For all the work states are doing to manage the pandemic influx of federal child care dollars, they will have much more to consider if the Build Back Better plan is enacted. That measure, which passed the House, would pump billions of dollars into the system in the coming decade if it gets through the Senate.

The pandemic has helped states understand what to fix and allowed them to begin to implement solutions. But while there’s strong bipartisan support at the state level to act, some lawmakers are concerned about standing up programs they won’t have the money to support in the long run, even with the new federal funding. 

Arizona Rep. John Kavanagh (R) thinks child care problems are exaggerated to justify what he considers excessive spending that the nation can’t afford as it faces a huge deficit.

“It’s a shift to Euro-style cradle-to-grave socialism,” Kavanagh says. “It’s not the government’s job to provide child care.” He insists child care has “never been a problem in the history of the United States.”

“Nobody seems to care about the children who they want to be giving child care today who as adults will be paying for this spending madness,” he says.

But many advocates, including business and state leaders, say the nation shouldn’t let this moment pass. 

Linda Smith of the Bipartisan Policy Institute points out the U.S. is “light years behind on this issue. If you look at other developed countries and their early childhood (programs), it doesn’t take long to see that we’re not going to compete without an investment in early education, where it all starts.”

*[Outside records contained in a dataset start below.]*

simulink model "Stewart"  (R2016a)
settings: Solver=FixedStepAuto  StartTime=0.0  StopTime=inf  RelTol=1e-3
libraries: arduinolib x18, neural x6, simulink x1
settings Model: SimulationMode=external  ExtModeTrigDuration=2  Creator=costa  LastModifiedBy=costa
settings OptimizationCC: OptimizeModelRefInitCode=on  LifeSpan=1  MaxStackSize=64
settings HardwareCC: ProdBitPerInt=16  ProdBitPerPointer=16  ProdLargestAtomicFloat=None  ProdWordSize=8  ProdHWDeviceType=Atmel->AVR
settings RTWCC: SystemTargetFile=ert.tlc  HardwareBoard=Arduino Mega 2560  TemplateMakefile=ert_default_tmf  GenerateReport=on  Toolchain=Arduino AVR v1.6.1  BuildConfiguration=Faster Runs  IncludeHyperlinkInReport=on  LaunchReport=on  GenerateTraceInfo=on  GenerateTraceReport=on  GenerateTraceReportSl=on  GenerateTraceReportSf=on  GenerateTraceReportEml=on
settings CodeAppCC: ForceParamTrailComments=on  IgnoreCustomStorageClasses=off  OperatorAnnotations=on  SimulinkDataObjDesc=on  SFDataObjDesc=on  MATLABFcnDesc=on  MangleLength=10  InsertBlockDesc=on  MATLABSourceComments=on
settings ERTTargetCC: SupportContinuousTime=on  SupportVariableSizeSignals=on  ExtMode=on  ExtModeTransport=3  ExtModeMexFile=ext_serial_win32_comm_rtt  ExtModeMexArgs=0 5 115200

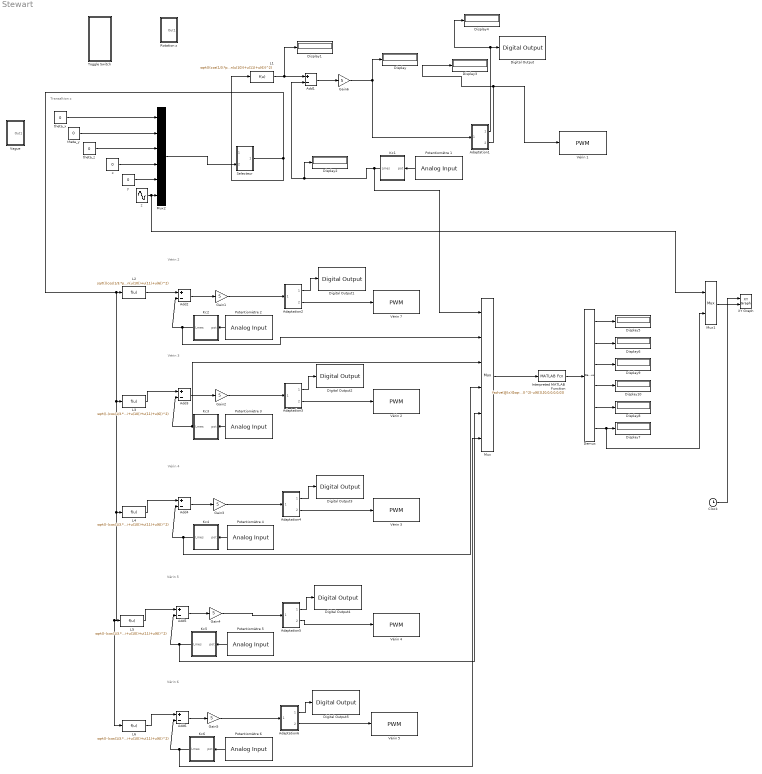
== system Stewart ==
  note: Transaltion z
  note: Vérin 6
  note: Vérin 5
  note: Vérin 4
  note: Vérin 3
  note: Vérin 2
  Adaptation1 : Subsystem
  Adaptation2 : Subsystem
  Adaptation3 : Subsystem
  Adaptation4 : Subsystem
  Adaptation5 : Subsystem
  Adaptation6 : Subsystem
  Add{1..6} (6 alike) : Sum  Inputs=+-
  Clock : Clock
  Demux : Demux  Outputs=6
  Digital Output : arduinolib/Digital Output  pinNumber=11  blockPlatform=arduino
  Digital Output1 : arduinolib/Digital Output  pinNumber=5  blockPlatform=arduino
  Digital Output2 : arduinolib/Digital Output  pinNumber=3  blockPlatform=arduino
  Digital Output3 : arduinolib/Digital Output  pinNumber=9  blockPlatform=arduino
  Digital Output4 : arduinolib/Digital Output  pinNumber=7  blockPlatform=arduino
  Digital Output5 : arduinolib/Digital Output  pinNumber=13  blockPlatform=arduino
  Display{,1..10} (11 alike) : Display
  Gain{1..6} (6 alike) : Gain  Gain=5
  Interpreted MATLAB Function : MATLABFcn  MATLABFcn=fsolve(@(x)([sqrt(((cos(1/3.*pi+x(3))*cos(x(2))-sin(1/3.*pi+x(3))*sin(x(1))*sin(x(2)))*rm*cos(beta)+sin(1/3.*pi+x(3))*cos(x(1))*rm*sin(beta)-rf*cos(alpha)+x(4))^2+ ((sin(1/3.*pi+x(3))*cos(x(2))+cos(1/3.*pi+x(3))*sin(x(1))*sin(x(2)))*rm*cos(beta)-cos(1/3.*pi+x(3))*cos(x(1))*rm*sin(beta)-rf*sin(alpha)+x(5))^2+ (-cos(x(1))*sin(x(2))*rm*cos(beta)-sin(x(1))*rm*sin(beta)+h+x(6))^2)-u(1),sqrt(((cos(1/3.*pi+x(3))*cos(x(2))-sin(1/3.*pi+x(3))*sin(x(1))*sin(x(2)))*rm*cos(beta)-sin(1/3.*pi+x(3))*cos(x(1))*rm*sin(beta)+rf*cos(1/3.*pi+alpha)+x(4))^2+ ((sin(1/3.*pi+x(3))*cos(x(2))+cos(1/3.*pi+x(3))*sin(x(1))*sin(x(2)))*rm*cos(beta)+cos(1/3.*pi+x(3))*cos(x(1))*rm*sin(beta)-rf*sin(1/3.*pi+alpha)+x(5))^2+ (-cos(x(1))*sin(x(2))*rm*cos(beta)+sin(x(1))*rm*sin(beta)+h+x(6))^2)-u(2),sqrt((-(cos(1/3.*pi+x(3))*cos(x(2))-sin(1/3.*pi+x(3))*sin(x(1))*sin(x(2)))*rm*cos(1/3.*pi+beta)-sin(1/3.*pi+x(3))*cos(x(1))*rm*sin(1/3.*pi+beta)+rf*sin(1/6.*pi+alpha)+x(4))^2+(-(sin(1/3.*pi+x(3))*cos(x(2))+cos(1/3.*pi+x(3))*sin(x(1))*sin(x(2)))*rm*cos(1/3.*pi+beta)+cos(1/3.*pi+x(3))*cos(x(1))*rm*sin(1/3.*pi+beta)-rf*cos(1/6.*pi+alpha)+x(5))^2+(cos(x(1))*sin(x(2))*rm*cos(1/3.*pi+beta)+sin(x(1))*rm*sin(1/3.*pi+beta)+h+x(6))^2)-u(3),sqrt((-(cos(1/3.*pi+x(3))*cos(x(2))-sin(1/3.*pi+x(3))*sin(x(1))*sin(x(2)))*rm*sin(1/6.*pi+beta)-sin(1/3.*pi+x(3))*cos(x(1))*rm*cos(1/6.*pi+beta)+rf*sin(1/6.*pi+alpha)+x(4))^2+(-(sin(1/3.*pi+x(3))*cos(x(2))+cos(1/3.*pi+x(3))*sin(x(1))*sin(x(2)))*rm*sin(1/6.*pi+beta)+cos(1/3.*pi+x(3))*cos(x(1))*rm*cos(1/6.*pi+beta)+rf*cos(1/6.*pi+alpha)+x(5))^2+(cos(x(1))*sin(x(2))*rm*sin(1/6.*pi+beta)+sin(x(1))*rm*cos(1/6.*pi+beta)+h+x(6))^2)-u(4),sqrt((-(cos(1/3.*pi+x(3))*cos(x(2))-sin(1/3.*pi+x(3))*sin(x(1))*sin(x(2)))*rm*sin(1/6.*pi+beta)+sin(1/3.*pi+x(3))*cos(x(1))*rm*cos(1/6.*pi+beta)+rf*cos(1/3.*pi+alpha)+x(4))^2+(-(sin(1/3.*pi+x(3))*cos(x(2))+cos(1/3.*pi+x(3))*sin(x(1))*sin(x(2)))*rm*sin(1/6.*pi+beta)-cos(1/3.*pi+x(3))*cos(x(1))*rm*cos(1/6.*pi+beta)+rf*sin(1/3.*pi+alpha)+x(5))^2+(cos(x(1))*sin(x(2))*rm*sin(1/6.*pi+beta)-sin(x(1))*rm*cos(1/6.*pi+beta)+h+x(6))^2)-u(5),sqrt((-(cos(1/3.*pi+x(3))*cos(x(2))-sin(1/3.*pi+x(3))*sin(x(1))*sin(x(2)))*rm*cos(1/3.*pi+beta)+sin(1/3.*pi+x(3))*cos(x(1))*rm*sin(1/3.*pi+beta)-rf*cos(alpha)+x(4))^2+(-(sin(1/3.*pi+x(3))*cos(x(2))+cos(1/3.*pi+x(3))*sin(x(1))*sin(x(2)))*rm*cos(1/3.*pi+beta)-cos(1/3.*pi+x(3))*cos(x(1))*rm*sin(1/3.*pi+beta)+rf*sin(alpha)+x(5))^2+(cos(x(1))*sin(x(2))*rm*cos(1/3.*pi+beta)-sin(x(1))*rm*sin(1/3.*pi+beta)+h+x(6))^2)-u(6)]),[0,0,0,0,0,0])  OutputDimensions=6
  Kc1 : Subsystem
  Kc2 : Subsystem
  Kc3 : Subsystem
  Kc4 : Subsystem
  Kc5 : Subsystem
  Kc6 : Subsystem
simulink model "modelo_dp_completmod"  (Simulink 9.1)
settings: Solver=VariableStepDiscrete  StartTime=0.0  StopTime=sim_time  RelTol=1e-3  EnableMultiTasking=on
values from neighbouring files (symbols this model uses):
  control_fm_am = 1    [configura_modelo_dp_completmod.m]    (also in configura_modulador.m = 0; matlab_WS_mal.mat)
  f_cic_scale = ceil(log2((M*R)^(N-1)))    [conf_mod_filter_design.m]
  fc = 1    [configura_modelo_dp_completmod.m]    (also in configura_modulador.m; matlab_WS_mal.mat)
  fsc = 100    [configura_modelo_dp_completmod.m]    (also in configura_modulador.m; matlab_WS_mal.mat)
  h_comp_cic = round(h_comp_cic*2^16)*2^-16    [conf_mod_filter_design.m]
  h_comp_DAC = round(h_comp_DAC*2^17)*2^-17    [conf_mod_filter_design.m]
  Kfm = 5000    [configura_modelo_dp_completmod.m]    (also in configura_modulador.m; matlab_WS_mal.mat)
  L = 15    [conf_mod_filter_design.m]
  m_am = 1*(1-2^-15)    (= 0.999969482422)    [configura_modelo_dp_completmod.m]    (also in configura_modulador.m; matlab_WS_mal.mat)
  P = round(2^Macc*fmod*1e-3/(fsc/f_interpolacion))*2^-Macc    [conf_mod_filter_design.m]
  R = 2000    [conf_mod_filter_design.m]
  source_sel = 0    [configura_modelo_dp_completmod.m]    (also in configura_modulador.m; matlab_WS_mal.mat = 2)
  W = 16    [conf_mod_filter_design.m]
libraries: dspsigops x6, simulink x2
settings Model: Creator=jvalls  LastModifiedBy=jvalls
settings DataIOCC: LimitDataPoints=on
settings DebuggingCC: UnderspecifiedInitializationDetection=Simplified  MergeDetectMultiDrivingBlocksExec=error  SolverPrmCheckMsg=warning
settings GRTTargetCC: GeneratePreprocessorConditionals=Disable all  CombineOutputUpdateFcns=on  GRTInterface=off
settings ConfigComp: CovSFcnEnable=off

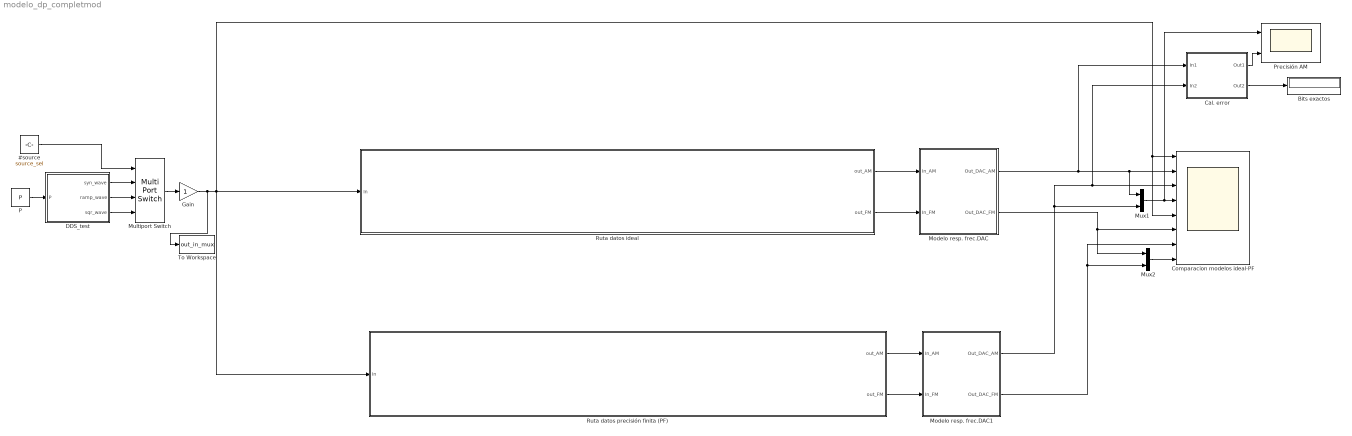
== system modelo_dp_completmod ==
  #source : Constant  Value=source_sel  SampleTime=R/fsc
  Bits exactos : Display
  Cal. error : Subsystem
  Comparacion modelos ideal-PF : Scope  NumInputPorts=8
  DDS_test : Subsystem
  Gain : Gain
  Modelo resp. frec.DAC : Subsystem
  Modelo resp. frec.DAC1 : Subsystem
  Multiport Switch : MultiPortSwitch  DataPortOrder=Specify indices  DataPortIndices={0,1,2}  OutDataTypeStr=double
  Mux1 : Mux  Inputs=2
  Mux2 : Mux  Inputs=2
  P : Constant  Value=P  OutDataTypeStr=fixdt(0,Macc,Macc)  SampleTime=R/fsc
  Precisión AM : Scope  NumInputPorts=2
  Ruta datos ideal : Subsystem
  Ruta datos precisión finita (PF) : Subsystem
  To Workspace : ToWorkspace  VariableName=out_in_mux  SampleTime=-1
      settings: Save2DSignal=2-D array (concatenate along first dimension)
  wires:
  Mux1/1 -> Precisión AM/1, Comparacion modelos ideal-PF/4
  Mux2/1 -> Comparacion modelos ideal-PF/8
  Modelo resp. frec.DAC/1(Out_DAC_AM) -> Cal. error/1(In1), Mux1/1, Comparacion modelos ideal-PF/2
  Modelo resp. frec.DAC1/1(Out_DAC_AM) -> Mux1/2, Cal. error/2(In2), Comparacion modelos ideal-PF/3
  Ruta datos ideal/1(out_AM) -> Modelo resp. frec.DAC/1(In_AM)
  Ruta datos precisión finita (PF)/1(out_AM) -> Modelo resp. frec.DAC1/1(In_AM)
  Ruta datos ideal/2(out_FM) -> Modelo resp. frec.DAC/2(In_FM)
  Ruta datos precisión finita (PF)/2(out_FM) -> Modelo resp. frec.DAC1/2(In_FM)
  Modelo resp. frec.DAC/2(Out_DAC_FM) -> Mux2/1, Comparacion modelos ideal-PF/6
  Modelo resp. frec.DAC1/2(Out_DAC_FM) -> Mux2/2, Comparacion modelos ideal-PF/7
  P/1 -> DDS_test/1(P)
  DDS_test/1(syn_wave) -> Multiport Switch/2
  DDS_test/2(ramp_wave) -> Multiport Switch/3
  DDS_test/3(sqr_wave) -> Multiport Switch/4
  #source/1 -> Multiport Switch/1
  Cal. error/1(Out1) -> Precisión AM/2
  Cal. error/2(Out2) -> Bits exactos/1
  Multiport Switch/1 -> Gain/1
  Gain/1 -> Comparacion modelos ideal-PF/5, Comparacion modelos ideal-PF/1, Ruta datos precisión finita (PF)/1(In), Ruta datos ideal/1(In), To Workspace/1

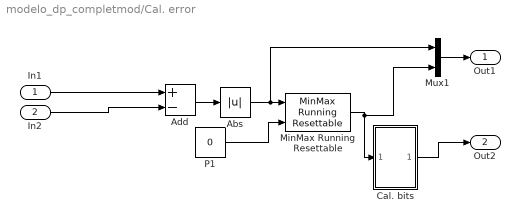
== system modelo_dp_completmod/Cal. error ==
  In1 : Inport
  In2 : Inport  Port=2
  Abs : Abs
  Add : Sum  Inputs=+-
  Cal. bits : Subsystem
  MinMax Running Resettable : simulink/Math Operations/MinMax Running Resettable  Function=max  vinit=0.0
  Mux1 : Mux  Inputs=2
  P1 : Constant  Value=0  OutDataTypeStr=double  SampleTime=-1
  Out1 : Outport
  Out2 : Outport  Port=2
  wires:
  In2/1 -> Add/2
  Abs/1 -> Mux1/1, MinMax Running Resettable/1
  MinMax Running Resettable/1 -> Mux1/2, Cal. bits/1(In1)
  In1/1 -> Add/1
  P1/1 -> MinMax Running Resettable/2
  Add/1 -> Abs/1
  Cal. bits/1(Out1) -> Out2/1
  Mux1/1 -> Out1/1

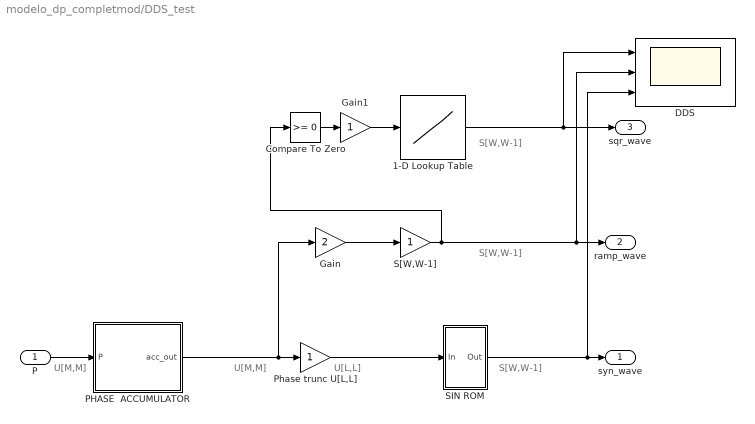
== system modelo_dp_completmod/DDS_test ==
  note: S[W,W-1]
  note: S[W,W-1]
  note: S[W,W-1]
  note: U[M,M]
  note: U[L,L]
  note: U[M,M]
  P : Inport
  1-D Lookup Table : Lookup_n-D  NumberOfTableDimensions=1  BreakpointsForDimension1=[0:1]  Table=[ -1+2^-(W-1) 1-2^-(W-1)]  InternalRulePriority=Speed  RndMeth=Simplest  InputSameDT=on
  Compare To Zero : simulink/Logic and Bit Operations/Compare To Zero  relop=>=  OutDataTypeStr=boolean
  DDS : Scope  NumInputPorts=3
  Gain : Gain  Gain=2  OutDataTypeStr=double
  Gain1 : Gain  OutDataTypeStr=double
  PHASE  ACCUMULATOR : Subsystem
  Phase trunc U[L,L] : Gain  OutDataTypeStr=fixdt(0,L,L)
  SIN ROM : Subsystem
  S[W,W-1] : Gain  OutDataTypeStr=fixdt(1,W,W-1)
  syn_wave : Outport
  ramp_wave : Outport  Port=2
  sqr_wave : Outport  Port=3
  wires:
  Phase trunc U[L,L]/1 -> SIN ROM/1(In)
  SIN ROM/1(Out) -> DDS/3, syn_wave/1
  P/1 -> PHASE  ACCUMULATOR/1(P)
  PHASE  ACCUMULATOR/1(acc_out) -> Phase trunc U[L,L]/1, Gain/1
  Gain1/1 -> 1-D Lookup Table/1
  Compare To Zero/1 -> Gain1/1
  1-D Lookup Table/1 -> sqr_wave/1, DDS/1
  S[W,W-1]/1 -> Compare To Zero/1, DDS/2, ramp_wave/1
  Gain/1 -> S[W,W-1]/1

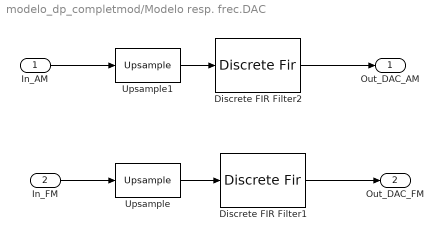
== system modelo_dp_completmod/Modelo resp. frec.DAC ==
  In_AM : Inport
  In_FM : Inport  Port=2
  Discrete FIR Filter1 : DiscreteFir  Coefficients=[1 1 1 1]  InputProcessing=Columns as channels (frame based)
  Discrete FIR Filter2 : DiscreteFir  Coefficients=[1 1 1 1]  InputProcessing=Columns as channels (frame based)
  Upsample : dspsigops/Upsample  N=4  phase=0  InputProcessing=Columns as channels (frame based)  RateOptions=Allow multirate processing  ic=0  mode=Unused parameter value
  Upsample1 : dspsigops/Upsample  N=4  phase=0  InputProcessing=Columns as channels (frame based)  RateOptions=Allow multirate processing  ic=0  mode=Unused parameter value
  Out_DAC_AM : Outport
  Out_DAC_FM : Outport  Port=2
  wires:
  Upsample1/1 -> Discrete FIR Filter2/1
  Upsample/1 -> Discrete FIR Filter1/1
  Discrete FIR Filter2/1 -> Out_DAC_AM/1
  In_AM/1 -> Upsample1/1
  In_FM/1 -> Upsample/1
  Discrete FIR Filter1/1 -> Out_DAC_FM/1

== system modelo_dp_completmod/Modelo resp. frec.DAC1 ==
  In_AM : Inport
  In_FM : Inport  Port=2
  Discrete FIR Filter1 : DiscreteFir  Coefficients=[1 1 1 1]  InputProcessing=Columns as channels (frame based)
  Discrete FIR Filter2 : DiscreteFir  Coefficients=[1 1 1 1]  InputProcessing=Columns as channels (frame based)
  Upsample : dspsigops/Upsample  N=4  phase=0  InputProcessing=Columns as channels (frame based)  RateOptions=Allow multirate processing  ic=0  mode=Unused parameter value
  Upsample1 : dspsigops/Upsample  N=4  phase=0  InputProcessing=Columns as channels (frame based)  RateOptions=Allow multirate processing  ic=0  mode=Unused parameter value
  Out_DAC_AM : Outport
  Out_DAC_FM : Outport  Port=2
  wires:
  Upsample1/1 -> Discrete FIR Filter2/1
  Upsample/1 -> Discrete FIR Filter1/1
  Discrete FIR Filter2/1 -> Out_DAC_AM/1
  In_AM/1 -> Upsample1/1
  In_FM/1 -> Upsample/1
  Discrete FIR Filter1/1 -> Out_DAC_FM/1

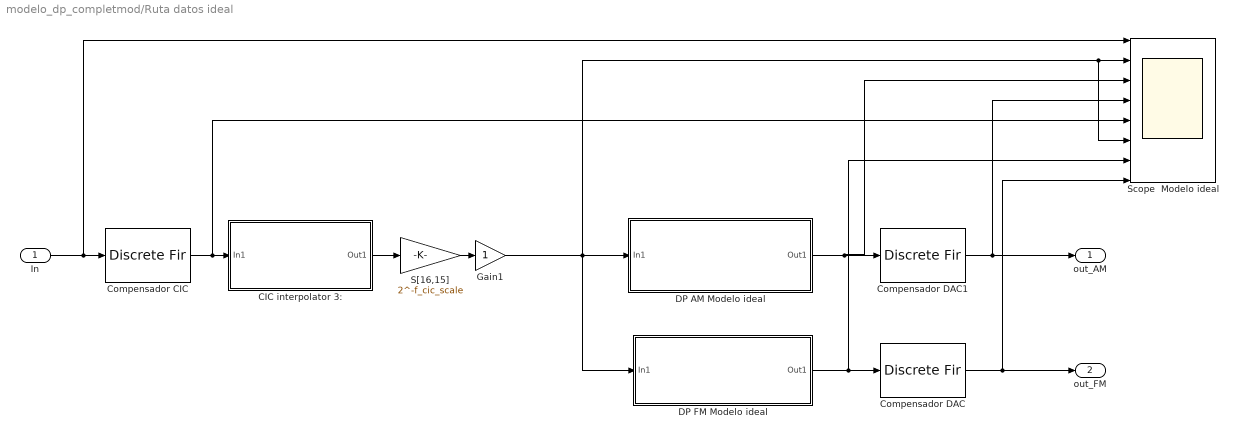
== system modelo_dp_completmod/Ruta datos ideal ==
  In : Inport
  "CIC interpolator 3: " : Subsystem
  Compensador CIC : DiscreteFir  Coefficients=h_comp_cic  InputProcessing=Columns as channels (frame based)
  Compensador DAC : DiscreteFir  Coefficients=h_comp_DAC  InputProcessing=Columns as channels (frame based)
  Compensador DAC1 : DiscreteFir  Coefficients=h_comp_DAC  InputProcessing=Columns as channels (frame based)
  DP AM Modelo ideal : Subsystem
  DP FM Modelo ideal : Subsystem
  Gain1 : Gain  OutDataTypeStr=double
  "S[16,15] " : Gain  Gain=2^-f_cic_scale  OutDataTypeStr=double
  Scope  Modelo ideal : Scope  NumInputPorts=8
  out_AM : Outport
  out_FM : Outport  Port=2
  wires:
  "CIC interpolator 3: "/1(Out1) -> "S[16,15] "/1
  "S[16,15] "/1 -> Gain1/1
  Gain1/1 -> Scope  Modelo ideal/6, Scope  Modelo ideal/2, DP AM Modelo ideal/1(In1), DP FM Modelo ideal/1(In1)
  DP FM Modelo ideal/1(Out1) -> Scope  Modelo ideal/7, Compensador DAC/1
  Compensador DAC/1 -> Scope  Modelo ideal/8, out_FM/1
  Compensador DAC1/1 -> out_AM/1, Scope  Modelo ideal/4
  Compensador CIC/1 -> Scope  Modelo ideal/5, "CIC interpolator 3: "/1(In1)
  DP AM Modelo ideal/1(Out1) -> Scope  Modelo ideal/3, Compensador DAC1/1
  In/1 -> Scope  Modelo ideal/1, Compensador CIC/1

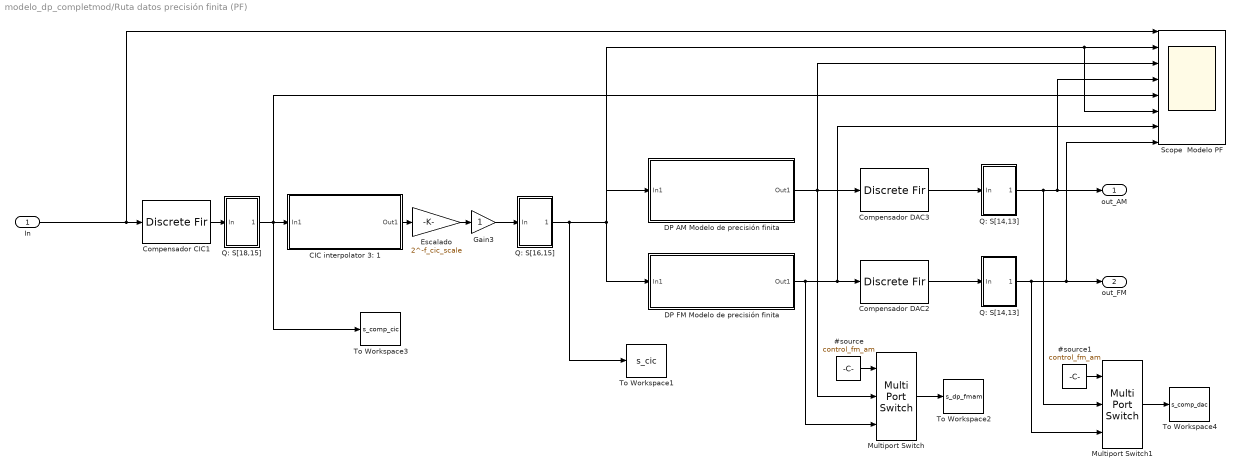
== system modelo_dp_completmod/Ruta datos precisión finita (PF) ==
  In : Inport
  #source : Constant  Value=control_fm_am  SampleTime=1/fsc
  #source1 : Constant  Value=control_fm_am  SampleTime=1/fsc
  CIC interpolator 3: 1 : Subsystem
  Compensador CIC1 : DiscreteFir  Coefficients=h_comp_cic  InputProcessing=Columns as channels (frame based)
  Compensador DAC2 : DiscreteFir  Coefficients=h_comp_DAC  InputProcessing=Columns as channels (frame based)
  Compensador DAC3 : DiscreteFir  Coefficients=h_comp_DAC  InputProcessing=Columns as channels (frame based)
  DP AM Modelo de precisión finita : Subsystem
  DP FM Modelo de precisión finita : Subsystem
  Escalado : Gain  Gain=2^-f_cic_scale  OutDataTypeStr=double
  Gain3 : Gain  OutDataTypeStr=double
  Multiport Switch : MultiPortSwitch  DataPortOrder=Specify indices  DataPortIndices={0,1}  OutDataTypeStr=double
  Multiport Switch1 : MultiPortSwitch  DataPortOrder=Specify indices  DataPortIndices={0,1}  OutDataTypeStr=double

Boldin-Woods, the North Carolina child care operator, hopes the pandemic has driven home what providers in her field have long known.

“Brains are not born—they are built,” Boldin-Woods says. “If indeed we are not doing the building and creating an absolutely high-quality early learning environment to ensure those synapses are being formed, those foundations are being laid, (then) we are creating a generation of citizens who are not well equipped,” she says. “That’s the work.”

Kelley Griffin is a writer and editor in NCSL’s Communications Division. Jennifer Palmer, a senior policy specialist in NCSL’s Children and Families Program, contributed to this story.